Remember to switch off your meter before putting it away.
Experiment 2: Let’s Abuse a Battery!
To get a better feeling for electrical power, you’re going to do what most books tell you not to do. You’re going to short out a battery. A short circuit is a direct connection between the two sides of a power source.
Short Circuits
Short circuits can be dangerous.
Do not
short out a power outlet in your home: there’ll be a loud bang, a bright flash, and the wire or tool that you use will be partially melted, while flying particles of melted metal can burn you or blind you.
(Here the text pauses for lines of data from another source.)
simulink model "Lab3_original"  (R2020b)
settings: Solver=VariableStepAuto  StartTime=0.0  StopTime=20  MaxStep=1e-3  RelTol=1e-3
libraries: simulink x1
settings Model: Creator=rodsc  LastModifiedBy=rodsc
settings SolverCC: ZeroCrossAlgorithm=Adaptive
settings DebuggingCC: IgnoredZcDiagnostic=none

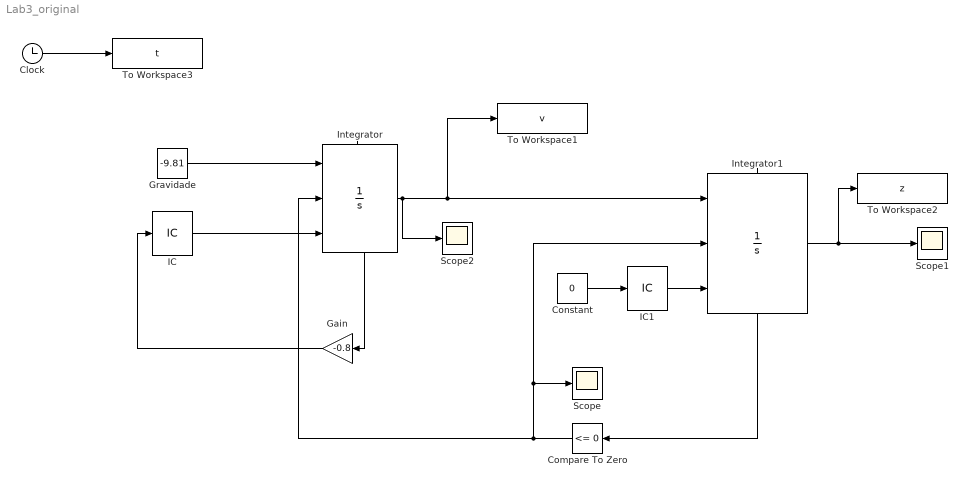
== system Lab3_original ==
  Clock : Clock
  Compare To Zero : simulink/Logic and Bit Operations/Compare To Zero  relop=<=  OutDataTypeStr=boolean
  Constant : Constant  Value=0
  Gain : Gain  Gain=-0.8
  "Gravidade " : Constant  Value=-9.81
  IC : InitialCondition  Value=0
  IC1 : InitialCondition  Value=10
  Integrator : Integrator  ExternalReset=rising  InitialConditionSource=external  ShowStatePort=on
  Integrator1 : Integrator  ExternalReset=rising  InitialConditionSource=external  LowerSaturationLimit=0  ShowStatePort=on
  Scope : Scope
  Scope1 : Scope
  Scope2 : Scope
  To Workspace1 : ToWorkspace  VariableName=v  SampleTime=-1
      settings: Save2DSignal=2-D array (concatenate along first dimension)
  To Workspace2 : ToWorkspace  VariableName=z  SampleTime=-1
      settings: Save2DSignal=2-D array (concatenate along first dimension)
  To Workspace3 : ToWorkspace  VariableName=t  SampleTime=-1
      settings: Save2DSignal=2-D array (concatenate along first dimension)
  wires:
  "Gravidade "/1 -> Integrator/1
  IC/1 -> Integrator/3
  Integrator/1 -> Scope2/1, To Workspace1/1, Integrator1/1
  Gain/1 -> IC/1
  Integrator/State -> Gain/1
  Integrator1/State -> Compare To Zero/1
  Compare To Zero/1 -> Integrator/2, Scope/1, Integrator1/2
  Constant/1 -> IC1/1
  IC1/1 -> Integrator1/3
  Integrator1/1 -> To Workspace2/1, Scope1/1
  Clock/1 -> To Workspace3/1

If you short out a car battery, the flow of current is so huge that the battery might even explode, drenching you in acid (Figure 1-30).
Lithium batteries are also dangerous. Never short-circuit a lithium battery: it can catch fire and burn you (Figure 1-31).
Use only an alkaline battery in this experiment, and only a single AA cell (Figure 1-32). You should also wear safety glasses in case you happen to have a defective battery.
You will need:
Figure 1-30.
Anyone who has dropped an adjustable wrench across the bare terminals of a car battery will tell you that short circuits can be dramatic at a “mere” 12 volts, if the battery is big enough.
Figure 1-31.
The low internal resistance of lithium batteries (which are often used in laptop computers) allows high currents to flow, with unexpected results. Never fool around with lithium batteries!
Figure 1-32.
Shorting out an alkaline battery can be safe if you follow the directions precisely. Even so, the battery is liable to become too hot to touch comfortably. Don’t try this with any type of rechargeable battery.
Procedure
Use an alkaline battery. Do not use any kind of rechargeable battery.
Put the battery into a battery holder that’s designed for a single battery and has two thin insulated wires emerging from it, as shown in Figure 1-32. Do not use any other kind of battery holder.
Use an alligator clip to connect the bare ends of the wires, as shown in Figure 1-32. There will be no spark, because you are using only 1.5 volts. Wait one minute, and you’ll find that the wires are getting hot. Wait another minute, and the battery, too, will be hot.
The heat is caused by electricity flowing through the wires and through the electrolyte (the conductive fluid) inside the battery. If you’ve ever used a hand pump to force air into a bicycle tire, you know that the pump gets warm. Electricity behaves in much the same way. You can imagine the electricity being composed of particles (electrons) that make the wire hot as they push through it. This isn’t a perfect analogy, but it’s close enough for our purposes.
Chemical reactions inside the battery create electrical pressure. The correct name for this pressure is
voltage
, which is measured in volts and is named after Alessandro Volta, an electrical pioneer.
Going back to the water analogy: the height of the water in a tank is proportionate to the pressure of the water, and comparable to voltage. Figure 1-33 may help you to visualize this.
Figure 1-33.
Think of voltage as pressure, and amperes as flow.